厳しくなる規制、燃え上がる表現者の魂

さまざまな条件から決められた自主規制の方針は、局ごとのチェック担当者→プロデューサーを経て制作現場に伝わってくる。それを受け、現場ではセリフ内容やシーンの差し替え、陰影や湯気をつけてぼかす、音声にピー音を入れるといった対応を施す。
漫画やライトノベルをアニメ化する場合、時には原作の持ち味を失わせかねない自主規制も出てくると思うのだが、スタッフやキャスト(声優)から不満が漏れたりはしないのだろうか?
「原作の表現を生かしたいところにNGが出た場合、代わりの表現を考えなければなりませんので、苦労といえば苦労です。ですが、アニメスタッフは制約があってこそ真価を発揮するもので、モチベーションが下がるということはありません。場合によっては原作者も巻き込んで代案を考えることもあります。キャストは目の前の台本と映像に命を吹き込むことが使命ですので、規制によってモチベーションが左右されるということは考えにくいです」
自主規制で内容を改変する際、原作者へ事前に確認を取るものだろうか?
「"アニメの現場に一任する"というポリシーの原作者でない限り、確実に許諾は取ります。脚本、絵コンテの段階で原作・編集サイドのチェックを通します。特に昨今は"原作ファンの期待に応えねば"と現場の意識が変わってきたこともあり、表現規制であれ、作劇・映像演出上の変更であれ、原作の改変にはまず了承を取りますね」
では最後に、一番気になっている質問をぶつけてみたい。アニメ制作の最前線で働く人間として"自主規制はこれからも厳しくなっていくと思いますか?"

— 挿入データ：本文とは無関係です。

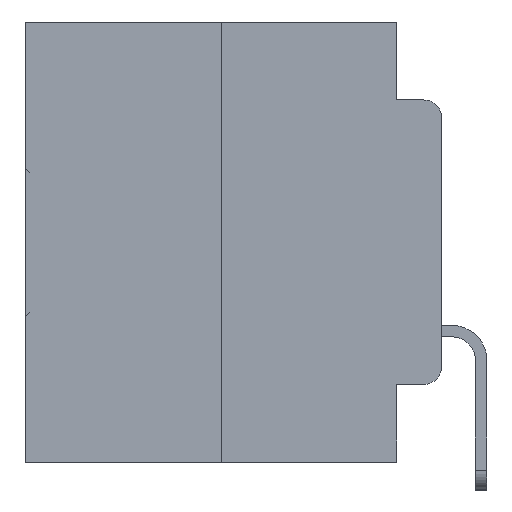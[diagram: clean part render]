
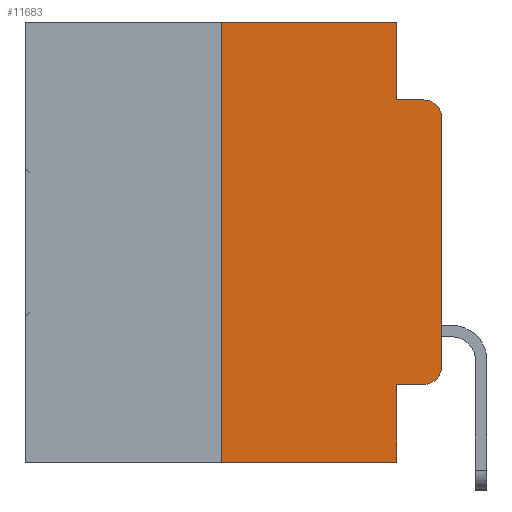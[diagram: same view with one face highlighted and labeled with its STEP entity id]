
A CAD part, left-side view. The second image highlights one B-rep face of the part: STEP entity #11683.
In plain terms, the highlighted planar face has unit normal (-1, 0, 0).
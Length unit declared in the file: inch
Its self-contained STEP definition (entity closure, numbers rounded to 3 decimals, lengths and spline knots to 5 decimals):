
#506 = CARTESIAN_POINT ( 'NONE',  ( 0., 0.473, -0.5 ) ) ;
#523 = LINE ( 'NONE', #14726, #13903 ) ;
#808 = CARTESIAN_POINT ( 'NONE',  ( 0., 0.051, -0.4115 ) ) ;
#1517 = CARTESIAN_POINT ( 'NONE',  ( 0., 0.473, 0. ) ) ;
#1550 = EDGE_CURVE ( 'NONE', #27723, #16165, #23982, .T. ) ;
#2521 = LINE ( 'NONE', #28439, #27292 ) ;
#3040 = CARTESIAN_POINT ( 'NONE',  ( 0., 0.051, 0. ) ) ;
#3444 = AXIS2_PLACEMENT_3D ( 'NONE', #1517, #19579, #4338 ) ;
#4338 = DIRECTION ( 'NONE',  ( 0., 0., -1. ) ) ;
#4409 = EDGE_LOOP ( 'NONE', ( #30576, #19176, #9866, #19543, #31645, #8665, #29174, #15020, #27448, #17326 ) ) ;
#4713 = VERTEX_POINT ( 'NONE', #7972 ) ;
#4995 = CARTESIAN_POINT ( 'NONE',  ( 0., 0.02, -0.1085 ) ) ;
#5951 = CARTESIAN_POINT ( 'NONE',  ( 0., 0., -0.1085 ) ) ;
#7069 = VERTEX_POINT ( 'NONE', #9125 ) ;
#7181 = DIRECTION ( 'NONE',  ( 0., 0., -1. ) ) ;
#7466 = CIRCLE ( 'NONE', #23512, 0.02 ) ;
#7744 = DIRECTION ( 'NONE',  ( 0., 0., -1. ) ) ;
#7972 = CARTESIAN_POINT ( 'NONE',  ( 0., 0.25, -0.5 ) ) ;
#8665 = ORIENTED_EDGE ( 'NONE', *, *, #12563, .F. ) ;
#9125 = CARTESIAN_POINT ( 'NONE',  ( 0., 0.051, -0.0885 ) ) ;
#9246 = DIRECTION ( 'NONE',  ( 0., -1., 0. ) ) ;
#9646 = VERTEX_POINT ( 'NONE', #808 ) ;
#9866 = ORIENTED_EDGE ( 'NONE', *, *, #18509, .F. ) ;
#11180 = VECTOR ( 'NONE', #24997, 39.37008 ) ;
#11683 = ADVANCED_FACE ( 'NONE', ( #27561 ), #26423, .F. ) ;
#11932 = LINE ( 'NONE', #506, #29934 ) ;
#12384 = CARTESIAN_POINT ( 'NONE',  ( 0., 0.051, -0.0885 ) ) ;
#12563 = EDGE_CURVE ( 'NONE', #4713, #16978, #14707, .T. ) ;
#12642 = CARTESIAN_POINT ( 'NONE',  ( 0., 0.02, -0.3915 ) ) ;
#13329 = CARTESIAN_POINT ( 'NONE',  ( 0., 0., -0.3915 ) ) ;
#13543 = VERTEX_POINT ( 'NONE', #19610 ) ;
#13674 = CIRCLE ( 'NONE', #15097, 0.02 ) ;
#13903 = VECTOR ( 'NONE', #17190, 39.37008 ) ;
#14136 = LINE ( 'NONE', #12384, #31931 ) ;
#14707 = LINE ( 'NONE', #27956, #26469 ) ;
#14726 = CARTESIAN_POINT ( 'NONE',  ( 0., 0.473, 0. ) ) ;
#14885 = DIRECTION ( 'NONE',  ( 0., -1., 0. ) ) ;
#14890 = CARTESIAN_POINT ( 'NONE',  ( 0., 0.051, 0. ) ) ;
#15020 = ORIENTED_EDGE ( 'NONE', *, *, #30381, .F. ) ;
#15097 = AXIS2_PLACEMENT_3D ( 'NONE', #4995, #22463, #7744 ) ;
#15130 = DIRECTION ( 'NONE',  ( 0., 0., -1. ) ) ;
#16165 = VERTEX_POINT ( 'NONE', #5951 ) ;
#16978 = VERTEX_POINT ( 'NONE', #28145 ) ;
#17190 = DIRECTION ( 'NONE',  ( 0., -1., 0. ) ) ;
#17326 = ORIENTED_EDGE ( 'NONE', *, *, #29039, .T. ) ;
#17896 = VERTEX_POINT ( 'NONE', #31397 ) ;
#18509 = EDGE_CURVE ( 'NONE', #7069, #19361, #14136, .T. ) ;
#19176 = ORIENTED_EDGE ( 'NONE', *, *, #22638, .T. ) ;
#19361 = VERTEX_POINT ( 'NONE', #31208 ) ;
#19543 = ORIENTED_EDGE ( 'NONE', *, *, #29808, .F. ) ;
#19579 = DIRECTION ( 'NONE',  ( 1., 0., 0. ) ) ;
#19610 = CARTESIAN_POINT ( 'NONE',  ( 0., 0.02, -0.4115 ) ) ;
#19657 = VERTEX_POINT ( 'NONE', #21021 ) ;
#20865 = DIRECTION ( 'NONE',  ( 0., 0., -1. ) ) ;
#21021 = CARTESIAN_POINT ( 'NONE',  ( 0., 0.051, -0.5 ) ) ;
#21140 = DIRECTION ( 'NONE',  ( 0., -1., 0. ) ) ;
#22463 = DIRECTION ( 'NONE',  ( -1., 0., 0. ) ) ;
#22638 = EDGE_CURVE ( 'NONE', #16165, #19361, #13674, .T. ) ;
#23369 = LINE ( 'NONE', #3040, #28646 ) ;
#23512 = AXIS2_PLACEMENT_3D ( 'NONE', #12642, #29044, #15130 ) ;
#23982 = LINE ( 'NONE', #24961, #11180 ) ;
#24854 = LINE ( 'NONE', #14890, #30791 ) ;
#24961 = CARTESIAN_POINT ( 'NONE',  ( 0., 0., 0. ) ) ;
#24997 = DIRECTION ( 'NONE',  ( 0., 0., 1. ) ) ;
#25490 = EDGE_CURVE ( 'NONE', #9646, #13543, #2521, .T. ) ;
#26423 = PLANE ( 'NONE',  #3444 ) ;
#26469 = VECTOR ( 'NONE', #30216, 39.37008 ) ;
#27292 = VECTOR ( 'NONE', #9246, 39.37008 ) ;
#27448 = ORIENTED_EDGE ( 'NONE', *, *, #25490, .T. ) ;
#27561 = FACE_OUTER_BOUND ( 'NONE', #4409, .T. ) ;
#27723 = VERTEX_POINT ( 'NONE', #13329 ) ;
#27956 = CARTESIAN_POINT ( 'NONE',  ( 0., 0.25, 0. ) ) ;
#28145 = CARTESIAN_POINT ( 'NONE',  ( 0., 0.25, 0. ) ) ;
#28229 = EDGE_CURVE ( 'NONE', #16978, #17896, #523, .T. ) ;
#28439 = CARTESIAN_POINT ( 'NONE',  ( 0., 0.051, -0.4115 ) ) ;
#28600 = EDGE_CURVE ( 'NONE', #4713, #19657, #11932, .T. ) ;
#28646 = VECTOR ( 'NONE', #20865, 39.37008 ) ;
#29039 = EDGE_CURVE ( 'NONE', #13543, #27723, #7466, .T. ) ;
#29044 = DIRECTION ( 'NONE',  ( -1., 0., 0. ) ) ;
#29174 = ORIENTED_EDGE ( 'NONE', *, *, #28600, .T. ) ;
#29808 = EDGE_CURVE ( 'NONE', #17896, #7069, #24854, .T. ) ;
#29934 = VECTOR ( 'NONE', #21140, 39.37008 ) ;
#30216 = DIRECTION ( 'NONE',  ( 0., 0., 1. ) ) ;
#30381 = EDGE_CURVE ( 'NONE', #9646, #19657, #23369, .T. ) ;
#30576 = ORIENTED_EDGE ( 'NONE', *, *, #1550, .T. ) ;
#30791 = VECTOR ( 'NONE', #7181, 39.37008 ) ;
#31208 = CARTESIAN_POINT ( 'NONE',  ( 0., 0.02, -0.0885 ) ) ;
#31397 = CARTESIAN_POINT ( 'NONE',  ( 0., 0.051, 0. ) ) ;
#31645 = ORIENTED_EDGE ( 'NONE', *, *, #28229, .F. ) ;
#31931 = VECTOR ( 'NONE', #14885, 39.37008 ) ;

「緩くなることはおそらくないと思います。アニメは今後、TVのみならずネット配信などへもどんどん進出していきます。現在は配信元が自主的に放送倫理を適用していることがほとんどですが、将来的にはなんらかの枠がはめられる可能性もあります。その場合も、ルールはルールとして遵守し、その中で面白いものを作っていくことが制作スタッフの責務であると考えます。先にも言いましたが、アニメスタッフは"制約が多いほど燃える人種"ですから」
どれだけ業界内外からの規制が強まろうと、与えられた条件内で最高の映像表現を目指す――当たり前のようでいて何よりも実現困難なこの目標。それをはっきり言い切るT氏に、日本のクリエイターの意地と誇りを見せてもらった気がする。